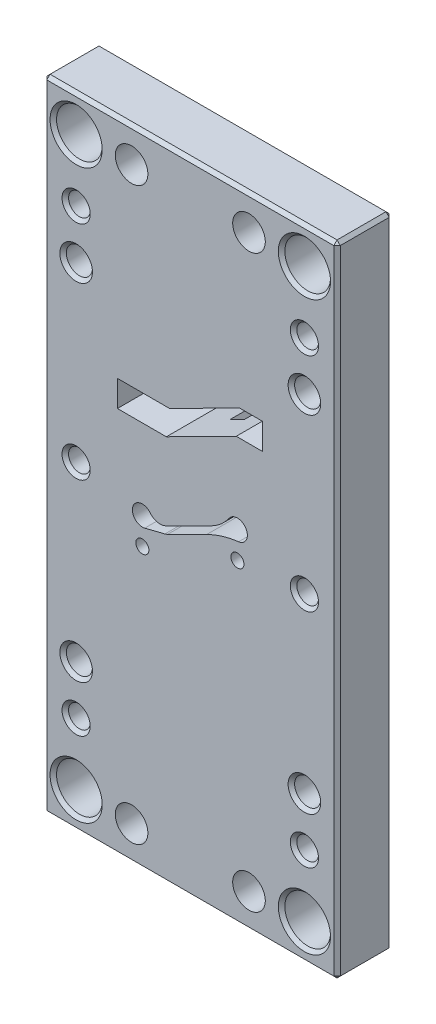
ISO-10303-21;
HEADER;
FILE_DESCRIPTION(('STEP AP214'),'2;1');
FILE_NAME('part.step','',(''),(''),'','','');
FILE_SCHEMA(('AUTOMOTIVE_DESIGN { 1 0 10303 214 1 1 1 1 }'));
ENDSEC;
DATA;
#1=APPLICATION_CONTEXT('core data for automotive mechanical design processes');
#2=APPLICATION_PROTOCOL_DEFINITION('international standard','automotive_design',2000,#1);
#3=PRODUCT_CONTEXT('',#1,'mechanical');
#4=PRODUCT('Part','Part','',(#3));
#5=PRODUCT_RELATED_PRODUCT_CATEGORY('part','',(#4));
#6=PRODUCT_DEFINITION_FORMATION('','',#4);
#7=PRODUCT_DEFINITION_CONTEXT('part definition',#1,'design');
#8=PRODUCT_DEFINITION('design','',#6,#7);
#9=PRODUCT_DEFINITION_SHAPE('','',#8);
#10=(LENGTH_UNIT() NAMED_UNIT(*) SI_UNIT(.MILLI.,.METRE.));
#11=(NAMED_UNIT(*) PLANE_ANGLE_UNIT() SI_UNIT($,.RADIAN.));
#12=(NAMED_UNIT(*) SI_UNIT($,.STERADIAN.) SOLID_ANGLE_UNIT());
#13=UNCERTAINTY_MEASURE_WITH_UNIT(LENGTH_MEASURE(1.E-05),#10,'distance_accuracy_value','');
#14=(GEOMETRIC_REPRESENTATION_CONTEXT(3) GLOBAL_UNCERTAINTY_ASSIGNED_CONTEXT((#13)) GLOBAL_UNIT_ASSIGNED_CONTEXT((#10,
#11,#12)) REPRESENTATION_CONTEXT('',''));
#15=CARTESIAN_POINT('',(0.,0.,0.));
#16=DIRECTION('',(0.,0.,1.));
#17=DIRECTION('',(1.,0.,0.));
#18=AXIS2_PLACEMENT_3D('',#15,#16,#17);
#19=CARTESIAN_POINT('',(0.499999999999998,0.499999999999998,16.));
#20=DIRECTION('',(-0.577350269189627,-0.577350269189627,0.577350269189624));
#21=DIRECTION('',(0.707106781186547,-0.707106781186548,0.));
#22=AXIS2_PLACEMENT_3D('',#19,#20,#21);
#23=PLANE('',#22);
#24=DIRECTION('',(0.707106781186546,0.,0.707106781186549));
#25=VECTOR('',#24,1.);
#26=CARTESIAN_POINT('',(0.499999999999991,0.999999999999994,16.5));
#27=LINE('',#26,#25);
#28=CARTESIAN_POINT('',(0.,0.999999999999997,16.));
#29=VERTEX_POINT('',#28);
#30=CARTESIAN_POINT('',(0.99999999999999,0.999999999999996,17.));
#31=VERTEX_POINT('',#30);
#32=EDGE_CURVE('E870',#29,#31,#27,.T.);
#33=ORIENTED_EDGE('',*,*,#32,.F.);
#34=DIRECTION('',(0.707106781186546,-0.707106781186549,0.));
#35=VECTOR('',#34,1.);
#36=CARTESIAN_POINT('',(0.499999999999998,0.5,16.));
#37=LINE('',#36,#35);
#38=CARTESIAN_POINT('',(0.999999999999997,0.,16.));
#39=VERTEX_POINT('',#38);
#40=EDGE_CURVE('E879',#39,#29,#37,.F.);
#41=ORIENTED_EDGE('',*,*,#40,.F.);
#42=DIRECTION('',(0.,-0.707106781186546,-0.707106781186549));
#43=VECTOR('',#42,1.);
#44=CARTESIAN_POINT('',(1.,0.499999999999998,16.5));
#45=LINE('',#44,#43);
#46=EDGE_CURVE('E868',#31,#39,#45,.T.);
#47=ORIENTED_EDGE('',*,*,#46,.F.);
#48=EDGE_LOOP('',(#33,#41,#47));
#49=FACE_BOUND('',#48,.T.);
#50=ADVANCED_FACE('F17',(#49),#23,.T.);
#51=CARTESIAN_POINT('',(89.5,0.500000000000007,16.));
#52=DIRECTION('',(0.577350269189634,-0.577350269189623,0.577350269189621));
#53=DIRECTION('',(0.707106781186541,0.707106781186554,0.));
#54=AXIS2_PLACEMENT_3D('',#51,#52,#53);
#55=PLANE('',#54);
#56=DIRECTION('',(0.,-0.707106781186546,-0.707106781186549));
#57=VECTOR('',#56,1.);
#58=CARTESIAN_POINT('',(89.,0.499999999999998,16.5));
#59=LINE('',#58,#57);
#60=CARTESIAN_POINT('',(89.,0.,16.));
#61=VERTEX_POINT('',#60);
#62=CARTESIAN_POINT('',(89.,0.999999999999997,17.));
#63=VERTEX_POINT('',#62);
#64=EDGE_CURVE('E866',#61,#63,#59,.F.);
#65=ORIENTED_EDGE('',*,*,#64,.F.);
#66=DIRECTION('',(0.707106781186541,0.707106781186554,0.));
#67=VECTOR('',#66,1.);
#68=CARTESIAN_POINT('',(89.5,0.500000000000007,16.));
#69=LINE('',#68,#67);
#70=CARTESIAN_POINT('',(90.,1.00000000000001,16.));
#71=VERTEX_POINT('',#70);
#72=EDGE_CURVE('E874',#71,#61,#69,.F.);
#73=ORIENTED_EDGE('',*,*,#72,.F.);
#74=DIRECTION('',(0.70710678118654,0.,-0.707106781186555));
#75=VECTOR('',#74,1.);
#76=CARTESIAN_POINT('',(89.5,1.,16.5));
#77=LINE('',#76,#75);
#78=EDGE_CURVE('E864',#63,#71,#77,.T.);
#79=ORIENTED_EDGE('',*,*,#78,.F.);
#80=EDGE_LOOP('',(#65,#73,#79));
#81=FACE_BOUND('',#80,.T.);
#82=ADVANCED_FACE('F1485',(#81),#55,.T.);
#83=CARTESIAN_POINT('',(89.5,195.5,16.));
#84=DIRECTION('',(0.577350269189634,0.577350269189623,0.577350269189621));
#85=DIRECTION('',(-0.707106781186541,0.707106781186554,0.));
#86=AXIS2_PLACEMENT_3D('',#83,#84,#85);
#87=PLANE('',#86);
#88=DIRECTION('',(0.,-0.707106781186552,0.707106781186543));
#89=VECTOR('',#88,1.);
#90=CARTESIAN_POINT('',(89.,195.5,16.5));
#91=LINE('',#90,#89);
#92=CARTESIAN_POINT('',(89.,195.,17.));
#93=VERTEX_POINT('',#92);
#94=CARTESIAN_POINT('',(89.,196.,16.));
#95=VERTEX_POINT('',#94);
#96=EDGE_CURVE('E860',#93,#95,#91,.F.);
#97=ORIENTED_EDGE('',*,*,#96,.F.);
#98=DIRECTION('',(0.70710678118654,0.,-0.707106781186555));
#99=VECTOR('',#98,1.);
#100=CARTESIAN_POINT('',(89.5,195.,16.5));
#101=LINE('',#100,#99);
#102=CARTESIAN_POINT('',(90.,195.,16.));
#103=VERTEX_POINT('',#102);
#104=EDGE_CURVE('E862',#103,#93,#101,.F.);
#105=ORIENTED_EDGE('',*,*,#104,.F.);
#106=DIRECTION('',(-0.707106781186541,0.707106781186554,0.));
#107=VECTOR('',#106,1.);
#108=CARTESIAN_POINT('',(89.5,195.5,16.));
#109=LINE('',#108,#107);
#110=EDGE_CURVE('E889',#95,#103,#109,.F.);
#111=ORIENTED_EDGE('',*,*,#110,.F.);
#112=EDGE_LOOP('',(#97,#105,#111));
#113=FACE_BOUND('',#112,.T.);
#114=ADVANCED_FACE('F1482',(#113),#87,.T.);
#115=CARTESIAN_POINT('',(0.499999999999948,195.5,16.));
#116=DIRECTION('',(-0.57735026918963,0.577350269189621,0.577350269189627));
#117=DIRECTION('',(0.707106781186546,0.,0.707106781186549));
#118=AXIS2_PLACEMENT_3D('',#115,#116,#117);
#119=PLANE('',#118);
#120=DIRECTION('',(0.707106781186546,0.,0.707106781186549));
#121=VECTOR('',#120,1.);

:: HOW TO COMPLETE THIS TASK ::
Copy the lines above exactly. Start with the line containing "#89=VECTOR('',#88,1.);", end with the line containing "#96=EDGE_CURVE('E860',#93,#95,#91,.F.);", and include both.

:: YOUR RESPONSE ::
#89=VECTOR('',#88,1.);
#90=CARTESIAN_POINT('',(89.,195.5,16.5));
#91=LINE('',#90,#89);
#92=CARTESIAN_POINT('',(89.,195.,17.));
#93=VERTEX_POINT('',#92);
#94=CARTESIAN_POINT('',(89.,196.,16.));
#95=VERTEX_POINT('',#94);
#96=EDGE_CURVE('E860',#93,#95,#91,.F.);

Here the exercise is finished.